# Kilz or Zinsser?



## Richard

just a simple question, with a simple answer

if you are in a situation where you would typically need to use one of these, which would you grab off the shelf?


----------



## ProWallGuy

Zinsser makes a lot of different primers. Which one am I voting for?

Anyways, all of Zinsser's products are better than Kilz, so I voted.


----------



## slickshift

ProWallGuy said:


> Zinsser makes a lot of different primers.


Over a dozen that I can think of


----------



## LennyV-NHSNOLA

Kilz is getting Killed in this poll. 11-0 when I voted.


----------



## slickshift

Kilz makes a half dozen products that I know of
They all suck except for Original Kilz


----------



## ProWallGuy

slickshift said:


> Kilz makes a half dozen products that I know of
> They all suck except for Original Kilz


And I'd pick BIN over that any day.


----------



## 4319hendrie

Yea definatly zinsser. Ive always used either coverstain or 123. Has anyone ever used fastprime or fastprime 2. If so, what the heck is the differance. And besides extremly bad stains or fire damage, what is the advantage of BIN.


----------



## [email protected]&R

4319hendrie said:


> Yea definatly zinsser. Ive always used either coverstain or 123. Has anyone ever used fastprime or fastprime 2. If so, what the heck is the differance. And besides extremly bad stains or fire damage, what is the advantage of BIN.


Gives you one hell of a buzz if your locked in a 6x9 bathroom with it. It's why I bought the new respirator.


----------



## ProWallGuy

Yeah, like Ken says, it smells real good.


----------



## slickshift

ProWallGuy said:


> And I'd pick BIN over that any day.


Well you can pick your friends...


----------



## AAPaint

:lol: @ Kilz....:thumbdown


----------



## metomeya

Kilz covers anything! Zinsser is watery!

Naw just joking I always pick Zinsser cause it sticks to almost everything without sanding (silicone, and grease is the only thing I can think of that it doesn't stick to.)

But the only thing I would like to see is for Zinsser 1-2-3 to be more of a high hiding primer.


----------



## Richard

ok, someone voted kilz--who is the mysterious one? :batman:

C'mon with a 26-1 vote....you just have to let us know :surrender:


----------



## LennyV-NHSNOLA

Paintguy26 said:


> ok, someone voted kilz--who is the mysterious one? :batman:
> 
> C'mon with a 26-1 vote....you just have to let us know :surrender:


Usually, the one who first asks "Who farted?", is the one who did it.... so Paintguy... did you do it? :laughing:


----------



## Teetorbilt

I'm wondering if the paint co's. are tracking this site. Maybe they were the sole vote.:laughing:


----------



## Richard

LennyV-NHSNOLA said:


> Usually, the one who first asks "Who farted?", is the one who did it.... so Paintguy... did you do it? :laughing:


nope...I'm a zinsser guy all the way---

on another note---trust me, when I let it rip, you'll know it--goes something like this...

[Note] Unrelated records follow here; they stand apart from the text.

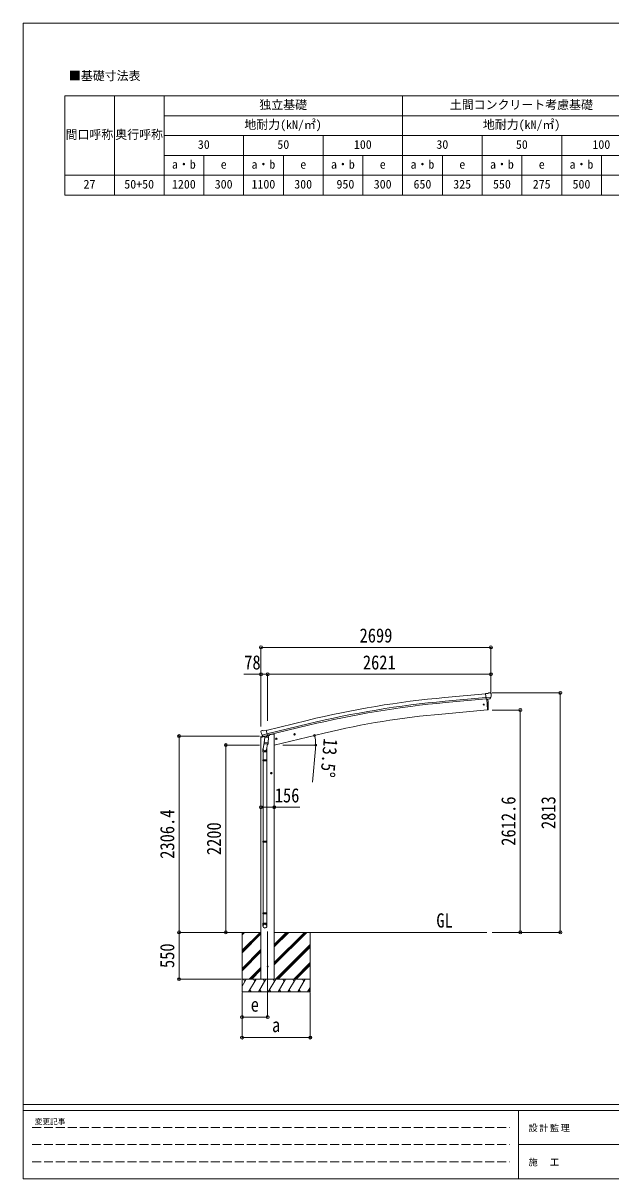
# Model space of a CAD drawing. Units: millimetres at full size, with parts at other scales. Extents: x -9783 to 9892, y -6828 to 6752.
# Drawn here: x -9783 to -2884, y -6828 to 6752 of the extents above; entities that cross this region are included whole.
import ezdxf
from ezdxf.enums import TextEntityAlignment as Align

# ---------------------------------------------------------------- set-up
doc = ezdxf.new("R2010")
doc.units = ezdxf.units.MM
doc.header["$LTSCALE"] = 35
doc.header["$PDMODE"] = 32
doc.header["$PDSIZE"] = 35
doc.linetypes.add('DASHED3', pattern=[4, 3, -1])
for name, color, linetype, lineweight in [('0-0_0', 7, 'Continuous', 9), ('0-1_本体', 4, 'Continuous', 9), ('0-2_部品', 7, 'Continuous', 9), ('0-8_PARTS2', 2, 'Continuous', 9), ('0-A_寸法', 6, 'Continuous', 9), ('1-0_FRAME', 7, 'Continuous', 18), ('F-0_240', 7, 'Continuous', 9)]:
    doc.layers.add(name, color=color, linetype=linetype, lineweight=lineweight)
doc.styles.add('ＭＳ ゴシック', font='')
doc.styles.get('ＭＳ ゴシック').set_extended_font_data('MS Gothic')

msp = doc.modelspace()

# ---------------------------------------------------------------- linework, layer by layer
at = {"layer": '0-0_0', "color": 6}
for p, q in [((-3477.9, -3931.43), (-3477.9, -1118.43)), ((-3946.91, -1318.83), (-3946.91, -3931.43))]:
    msp.add_line(p, q, dxfattribs=at)
at = {"layer": '0-0_0'}
for p, q in [((-7587.58, -3931.43), (-6991.24, -3931.43)), ((-7213.49, -3931.43), (-7213.49, -4631.43)), ((-7213.49, -4142.66), (-7002.26, -3931.43)), ((-7213.49, -3958.81), (-7186.11, -3931.43)), ((-7213.49, -3944.67), (-7200.25, -3931.43)), ((-7213.49, -4156.8), (-6991.24, -3934.55)), ((-6835.74, -4313.69), (-6453.48, -3931.43)), ((-6835.74, -4285.4), (-6481.76, -3931.43)), ((-6835.74, -4299.55), (-6467.62, -3931.43)), ((-6835.74, -4101.56), (-6665.61, -3931.43)), ((-6835.74, -4087.42), (-6679.75, -3931.43)), ((-6835.74, -4073.27), (-6693.9, -3931.43)), ((-6835.74, -3931.43), (-4341.01, -3931.43)), ((-6413.49, -3931.43), (-6413.49, -4631.43)), ((-7213.49, -4170.94), (-6991.24, -3948.69)), ((-7213.49, -4354.79), (-6991.24, -4132.54)), ((-7213.49, -4368.93), (-6991.24, -4146.68)), ((-7213.49, -4383.07), (-6991.24, -4160.82)), ((-6819.64, -4481.43), (-6413.49, -4075.29)), ((-6805.49, -4481.43), (-6413.49, -4089.43)), ((-6791.35, -4481.43), (-6413.49, -4103.57)), ((-7128, -4481.43), (-6991.24, -4344.67)), ((-6607.5, -4481.43), (-6413.49, -4287.42)), ((-6593.36, -4481.43), (-6413.49, -4301.56)), ((-6579.22, -4481.43), (-6413.49, -4315.7)), ((-7113.86, -4481.43), (-6991.24, -4358.81)), ((-7099.72, -4481.43), (-6991.24, -4372.95)), ((-6413.49, -4481.43), (-7213.49, -4481.43)), ((-7213.49, -4565.26), (-7165.09, -4481.43)), ((-7180.09, -4507.41), (-7195.1, -4481.43)), ((-7136.23, -4631.43), (-7049.62, -4481.43)), ((-7121.23, -4605.45), (-7106.23, -4631.43)), ((-7064.63, -4507.41), (-7079.63, -4481.43)), ((-7020.76, -4631.43), (-6934.15, -4481.43)), ((-7005.76, -4605.45), (-6990.76, -4631.43)), ((-6949.15, -4507.41), (-6964.16, -4481.43)), ((-6905.29, -4631.43), (-6818.68, -4481.43)), ((-6890.29, -4605.45), (-6875.29, -4631.43)), ((-6833.68, -4507.41), (-6848.69, -4481.43)), ((-6789.82, -4631.43), (-6703.21, -4481.43)), ((-6774.82, -4605.45), (-6759.82, -4631.43)), ((-6718.21, -4507.41), (-6733.21, -4481.43)), ((-6674.35, -4631.43), (-6587.74, -4481.43)), ((-6659.35, -4605.45), (-6644.35, -4631.43)), ((-6617.74, -4481.43), (-6602.74, -4507.41)), ((-6558.88, -4631.43), (-6472.27, -4481.43)), ((-6543.88, -4605.45), (-6528.88, -4631.43)), ((-6487.27, -4507.41), (-6502.27, -4481.43)), ((-6443.41, -4631.43), (-6413.49, -4579.62)), ((-6428.41, -4605.45), (-6413.41, -4631.43)), ((-7213.49, -4631.43), (-6413.49, -4631.43))]:
    msp.add_line(p, q, dxfattribs=at)
at = {"layer": '0-1_本体'}
for p, q in [((-4354.13, -1129.02), (-4831.64, -1172.22)), ((-4350.37, -1172.02), (-4827.76, -1215.21)), ((-4348.9, -1188.79), (-4826.24, -1231.98)), ((-4341.67, -1191.18), (-4330.5, -1318.78)), ((-4868.45, -1365.85), (-4330.5, -1318.78)), ((-6930.97, -1557.84), (-6448.09, -1440.35)), ((-6920.89, -1599.81), (-6437.88, -1482.34)), ((-6916.96, -1616.18), (-6433.91, -1498.7)), ((-6855.49, -1601.43), (-6889, -1609.47)), ((-6835.49, -1601.43), (-6855.49, -1601.43)), ((-6835.49, -1731.43), (-6249.82, -1590.82)), ((-6835.49, -1601.43), (-6835.49, -4481.43)), ((-6990.99, -1641.13), (-6990.99, -4481.43)), ((-6859.99, -2060.93), (-6879.99, -2060.93)), ((-6869.99, -2053.42), (-6876.49, -2057.17)), ((-6876.49, -2057.17), (-6876.49, -2064.68)), ((-6876.49, -2064.68), (-6869.99, -2068.43)), ((-6869.99, -2070.93), (-6869.99, -2050.93)), ((-6863.49, -2057.17), (-6869.99, -2053.42))]:
    msp.add_line(p, q, dxfattribs=at)
at = {"layer": '0-1_本体', "color": 6}
msp.add_line((-6835.24, -2461.61), (-6991.24, -2461.61), dxfattribs=at)
at = {"layer": '0-1_本体'}
msp.add_lwpolyline([(-6869.99, -2068.43), (-6863.49, -2064.68), (-6863.49, -2057.17)], dxfattribs=at)
for radius in [8.5, 7.7, 6.5]:
    msp.add_circle((-6869.99, -2060.93), radius, dxfattribs=at)
for centre, radius, start, end in [((-3835.52, -12182.23), 11054.98, 95.16866, 103.66973), ((-3835.52, -12182.23), 11011.82, 95.16974, 103.66973), ((-3835.52, -12182.23), 10994.98, 95.16974, 103.66973), ((-4045.46, -10772.63), 9442.71, 95.00001, 103.5)]:
    msp.add_arc(centre, radius, start, end, dxfattribs=at)
at = {"layer": '0-2_部品'}
for p, q in [((-4327.75, -1124.58), (-4354.32, -1126.9)), ((-4348.66, -1191.56), (-4354.32, -1126.9)), ((-4291.45, -1166.87), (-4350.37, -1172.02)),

:blink: :001_huh: inch:  :innocent: :cheesygri


----------



## Brushslingers

I feel bad for Kilz at this point, I mean.. we all still say "just kilz it" still... heh


----------



## Rich Wozny

If your scraping off peeling paint on plaster walls, Zinsser's pigmented shellac [which around here we call bulls-eye] is used to seal off the patch area before patching, many times will blister after the patch is applied. That's why I would use Kilz or another oil based sealer, over a shellac based sealer. Shellac just won't hold out the moisture...


----------



## Richard

yeah, so I usually use BIN when needed. I was in SW yesterday and they gave me a gallon of SW shellac to try---on the house. You think they want me to switch over? :whistling


----------



## smithoman

Zinn's the ####!! I like the oil and sometimes use the waterbased. Kilz is too smelly for interiors and isn't supposed to be used on exteriors as it's too brittle.

I made the mistake of letting a contractor talk me into using Kilz II on some interior door repaints. What a mistake, the stuff scratched off with the slightest abrasion.


----------